It's like the big crappy pile of stuff you don't want to be are required to do.

Oct 12, 2012 20:07

You stand before it cursing it dreading the moments to come, prehaps even recounting the many was that this in fact sucks donkey. Then you stop and just get to work.

I feel like my life is the same way, I get down on it, really down and before I can even post about it I get busy or I just get on with it. It's now the weekend and direct opposite of how one should feel about the weekend, I am dread it. I know what tomorrow will bring. Nothing new, no wonder no real joy. I will wake up around the same time I normally do, I will leave around 8 am to go to the grocery store. I will buy the same things listening to the same Podcast. I will look for the same cachier, I will say the same thing, I will think and feel the same thing and bag my groceries and go home. I will watch TV and fall asleep druing the middle of the day if I am not invited to the one place I get invited to. I will reflect on the day later and say what I should have done instead of what I did.

Routines are fine, don't get me wrong I NEED them but is void of joy.

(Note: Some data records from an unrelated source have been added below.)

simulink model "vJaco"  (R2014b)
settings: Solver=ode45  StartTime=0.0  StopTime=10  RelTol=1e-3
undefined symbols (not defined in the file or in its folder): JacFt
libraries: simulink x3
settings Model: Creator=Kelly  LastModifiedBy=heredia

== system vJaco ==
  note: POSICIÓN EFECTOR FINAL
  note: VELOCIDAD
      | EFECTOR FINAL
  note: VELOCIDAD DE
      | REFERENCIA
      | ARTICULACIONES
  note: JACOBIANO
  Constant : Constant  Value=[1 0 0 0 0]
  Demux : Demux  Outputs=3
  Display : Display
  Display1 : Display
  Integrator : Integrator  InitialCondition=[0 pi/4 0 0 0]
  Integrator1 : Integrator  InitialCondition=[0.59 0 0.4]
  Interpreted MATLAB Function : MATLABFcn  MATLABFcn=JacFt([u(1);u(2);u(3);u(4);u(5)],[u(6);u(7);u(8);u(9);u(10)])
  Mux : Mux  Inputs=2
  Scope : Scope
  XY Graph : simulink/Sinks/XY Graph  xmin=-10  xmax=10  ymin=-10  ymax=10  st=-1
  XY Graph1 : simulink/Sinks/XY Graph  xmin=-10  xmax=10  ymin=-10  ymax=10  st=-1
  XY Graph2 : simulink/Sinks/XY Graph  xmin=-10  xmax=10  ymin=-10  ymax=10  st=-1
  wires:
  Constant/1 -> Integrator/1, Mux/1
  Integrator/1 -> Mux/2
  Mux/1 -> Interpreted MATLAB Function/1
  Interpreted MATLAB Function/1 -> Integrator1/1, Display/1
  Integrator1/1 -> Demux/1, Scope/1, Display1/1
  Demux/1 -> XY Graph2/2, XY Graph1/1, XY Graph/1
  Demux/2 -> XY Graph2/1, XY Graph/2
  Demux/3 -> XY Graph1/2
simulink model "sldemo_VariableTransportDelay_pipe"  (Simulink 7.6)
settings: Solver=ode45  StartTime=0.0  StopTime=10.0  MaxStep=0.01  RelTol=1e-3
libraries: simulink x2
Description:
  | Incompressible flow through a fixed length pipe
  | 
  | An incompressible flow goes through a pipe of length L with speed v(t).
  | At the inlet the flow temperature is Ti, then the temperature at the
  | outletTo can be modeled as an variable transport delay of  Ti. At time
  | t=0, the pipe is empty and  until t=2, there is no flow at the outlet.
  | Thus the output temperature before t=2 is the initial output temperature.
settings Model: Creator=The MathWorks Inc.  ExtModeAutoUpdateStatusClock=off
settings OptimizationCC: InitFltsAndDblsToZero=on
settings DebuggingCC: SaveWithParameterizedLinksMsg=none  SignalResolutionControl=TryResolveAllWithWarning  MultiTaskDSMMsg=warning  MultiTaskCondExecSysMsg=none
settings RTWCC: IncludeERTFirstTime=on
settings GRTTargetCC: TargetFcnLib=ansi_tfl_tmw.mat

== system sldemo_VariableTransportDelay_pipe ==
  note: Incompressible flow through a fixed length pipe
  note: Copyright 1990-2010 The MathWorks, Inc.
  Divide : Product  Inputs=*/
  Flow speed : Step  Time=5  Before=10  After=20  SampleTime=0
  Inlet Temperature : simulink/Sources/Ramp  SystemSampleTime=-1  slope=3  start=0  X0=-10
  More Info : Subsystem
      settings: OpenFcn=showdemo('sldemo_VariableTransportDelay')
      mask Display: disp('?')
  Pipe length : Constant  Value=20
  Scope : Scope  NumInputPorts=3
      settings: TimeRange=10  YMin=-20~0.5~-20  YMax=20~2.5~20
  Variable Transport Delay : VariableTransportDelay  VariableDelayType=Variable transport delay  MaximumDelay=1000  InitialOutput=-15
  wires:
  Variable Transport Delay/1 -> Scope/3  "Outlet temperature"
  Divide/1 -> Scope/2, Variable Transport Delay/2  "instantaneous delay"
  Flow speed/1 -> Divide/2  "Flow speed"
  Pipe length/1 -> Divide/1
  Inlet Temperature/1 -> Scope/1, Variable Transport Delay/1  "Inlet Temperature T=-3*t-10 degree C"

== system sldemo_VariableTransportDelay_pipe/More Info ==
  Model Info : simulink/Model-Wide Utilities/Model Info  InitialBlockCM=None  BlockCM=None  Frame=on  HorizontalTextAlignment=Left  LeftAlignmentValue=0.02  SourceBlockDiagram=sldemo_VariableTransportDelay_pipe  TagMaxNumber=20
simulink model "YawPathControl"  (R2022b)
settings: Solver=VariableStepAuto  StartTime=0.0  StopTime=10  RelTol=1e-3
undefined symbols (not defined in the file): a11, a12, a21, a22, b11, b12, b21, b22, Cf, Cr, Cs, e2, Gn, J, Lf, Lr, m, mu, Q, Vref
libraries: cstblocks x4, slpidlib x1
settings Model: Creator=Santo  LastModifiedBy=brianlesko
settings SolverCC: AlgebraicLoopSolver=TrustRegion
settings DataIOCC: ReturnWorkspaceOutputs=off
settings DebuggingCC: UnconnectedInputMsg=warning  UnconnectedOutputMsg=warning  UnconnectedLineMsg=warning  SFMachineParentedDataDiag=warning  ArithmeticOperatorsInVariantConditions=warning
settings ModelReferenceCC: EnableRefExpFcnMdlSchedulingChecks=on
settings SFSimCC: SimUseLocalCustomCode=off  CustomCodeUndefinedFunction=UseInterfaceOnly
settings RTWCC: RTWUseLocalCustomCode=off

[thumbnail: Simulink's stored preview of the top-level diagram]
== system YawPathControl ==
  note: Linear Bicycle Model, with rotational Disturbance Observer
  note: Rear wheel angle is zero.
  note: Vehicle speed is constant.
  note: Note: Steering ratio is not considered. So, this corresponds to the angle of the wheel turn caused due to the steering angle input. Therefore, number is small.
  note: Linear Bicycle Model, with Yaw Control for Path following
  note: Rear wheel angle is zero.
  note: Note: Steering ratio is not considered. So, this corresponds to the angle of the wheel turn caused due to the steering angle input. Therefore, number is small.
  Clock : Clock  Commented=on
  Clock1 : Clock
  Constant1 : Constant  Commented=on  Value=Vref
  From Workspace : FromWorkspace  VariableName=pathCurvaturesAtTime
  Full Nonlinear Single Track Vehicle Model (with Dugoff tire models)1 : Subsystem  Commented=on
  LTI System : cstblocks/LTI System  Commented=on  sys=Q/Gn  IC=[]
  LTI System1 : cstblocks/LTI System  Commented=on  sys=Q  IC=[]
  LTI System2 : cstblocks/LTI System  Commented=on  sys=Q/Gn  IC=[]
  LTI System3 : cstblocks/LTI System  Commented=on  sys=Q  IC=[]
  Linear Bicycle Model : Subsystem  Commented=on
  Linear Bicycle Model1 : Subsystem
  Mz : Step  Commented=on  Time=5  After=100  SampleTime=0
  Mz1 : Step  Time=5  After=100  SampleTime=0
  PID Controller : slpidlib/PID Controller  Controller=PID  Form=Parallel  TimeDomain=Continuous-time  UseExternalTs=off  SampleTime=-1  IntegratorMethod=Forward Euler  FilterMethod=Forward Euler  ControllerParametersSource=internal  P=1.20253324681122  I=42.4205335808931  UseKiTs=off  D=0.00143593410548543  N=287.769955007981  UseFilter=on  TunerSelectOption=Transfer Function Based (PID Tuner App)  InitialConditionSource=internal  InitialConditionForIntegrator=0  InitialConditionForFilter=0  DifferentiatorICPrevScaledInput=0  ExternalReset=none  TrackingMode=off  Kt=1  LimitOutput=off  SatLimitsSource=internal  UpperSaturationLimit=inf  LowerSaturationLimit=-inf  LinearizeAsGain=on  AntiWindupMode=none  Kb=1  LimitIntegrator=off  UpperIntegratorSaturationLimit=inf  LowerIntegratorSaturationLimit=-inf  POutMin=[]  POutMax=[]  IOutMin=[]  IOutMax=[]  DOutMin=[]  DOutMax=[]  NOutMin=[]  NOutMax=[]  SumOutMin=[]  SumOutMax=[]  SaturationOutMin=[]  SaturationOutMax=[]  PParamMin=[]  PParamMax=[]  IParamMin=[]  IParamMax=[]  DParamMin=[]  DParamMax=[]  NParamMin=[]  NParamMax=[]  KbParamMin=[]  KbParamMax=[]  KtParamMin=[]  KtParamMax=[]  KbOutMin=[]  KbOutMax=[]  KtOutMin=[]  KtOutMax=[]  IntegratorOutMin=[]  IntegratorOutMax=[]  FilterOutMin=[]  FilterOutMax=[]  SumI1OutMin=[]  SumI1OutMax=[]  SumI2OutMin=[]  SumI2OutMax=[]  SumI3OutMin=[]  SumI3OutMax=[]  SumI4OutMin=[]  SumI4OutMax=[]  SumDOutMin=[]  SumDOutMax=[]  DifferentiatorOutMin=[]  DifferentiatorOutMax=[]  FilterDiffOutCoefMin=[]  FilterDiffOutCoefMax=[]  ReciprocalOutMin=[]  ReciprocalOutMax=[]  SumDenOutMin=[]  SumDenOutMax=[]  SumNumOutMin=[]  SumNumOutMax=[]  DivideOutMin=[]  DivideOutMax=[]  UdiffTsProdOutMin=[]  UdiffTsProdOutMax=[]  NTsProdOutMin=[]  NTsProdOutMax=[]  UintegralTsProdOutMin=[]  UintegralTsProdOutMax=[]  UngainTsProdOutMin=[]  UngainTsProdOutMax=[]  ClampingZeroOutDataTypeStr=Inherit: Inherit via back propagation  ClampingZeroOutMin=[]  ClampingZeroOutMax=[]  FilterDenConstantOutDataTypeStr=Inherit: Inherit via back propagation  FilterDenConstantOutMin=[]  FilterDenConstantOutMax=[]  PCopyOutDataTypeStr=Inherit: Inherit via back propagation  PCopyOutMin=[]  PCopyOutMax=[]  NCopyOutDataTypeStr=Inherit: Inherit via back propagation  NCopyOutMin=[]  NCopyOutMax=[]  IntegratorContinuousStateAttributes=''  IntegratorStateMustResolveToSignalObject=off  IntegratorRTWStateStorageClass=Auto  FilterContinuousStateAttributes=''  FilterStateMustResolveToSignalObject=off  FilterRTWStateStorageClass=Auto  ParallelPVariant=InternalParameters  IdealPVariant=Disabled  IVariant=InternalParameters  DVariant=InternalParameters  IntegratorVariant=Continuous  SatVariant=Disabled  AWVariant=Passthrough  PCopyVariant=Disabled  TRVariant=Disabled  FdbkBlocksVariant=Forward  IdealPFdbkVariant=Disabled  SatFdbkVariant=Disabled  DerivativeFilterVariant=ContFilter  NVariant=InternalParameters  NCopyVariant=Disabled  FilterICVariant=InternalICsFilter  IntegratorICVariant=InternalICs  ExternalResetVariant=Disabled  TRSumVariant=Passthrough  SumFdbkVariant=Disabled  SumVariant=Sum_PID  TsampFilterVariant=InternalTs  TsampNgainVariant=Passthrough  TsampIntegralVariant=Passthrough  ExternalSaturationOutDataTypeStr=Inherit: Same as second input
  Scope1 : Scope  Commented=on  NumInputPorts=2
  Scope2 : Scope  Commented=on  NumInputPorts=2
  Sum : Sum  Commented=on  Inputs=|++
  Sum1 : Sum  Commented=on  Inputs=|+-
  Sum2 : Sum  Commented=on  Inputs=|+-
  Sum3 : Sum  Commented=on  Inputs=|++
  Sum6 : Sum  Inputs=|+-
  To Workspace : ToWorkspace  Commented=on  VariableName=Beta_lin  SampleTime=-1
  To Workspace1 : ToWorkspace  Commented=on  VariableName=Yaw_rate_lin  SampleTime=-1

I say I want to play some games, take my mind off things but I don't and everything I want to do I can find several problems with it.

Then there is coming home, I just don't want to rather I can get in and not run into crap or not I just don't want to. Add to it the one thing I absolutely love at home I am extreamly worried about. Sara, she is scared of everything now, she use to be fearless. She harly comes into the room and she has been moping around. I try to cheer here up and it just doesn't work. I try furiously and it seems to work but the next day its back to the same. I suspect its my mother but there is nothing I can do about it yet. I have talked to her before and I will talk to her again and she will deny it and I will tell her I don't believe you.

Yep. Tired of wallowing in it and its time to just jump in again. I will say this, I feel like a tool, an actual tool not a metaphorical tool. I am rested over night to me taken out my casein the morning used all day and rested overnight again, its all I'm good for. One would say the anser is you need to get out, but ah, there is that whole many problems with that issue. Maybe later.

aaaaaand I'm too lazy to fix my illiterate spelling.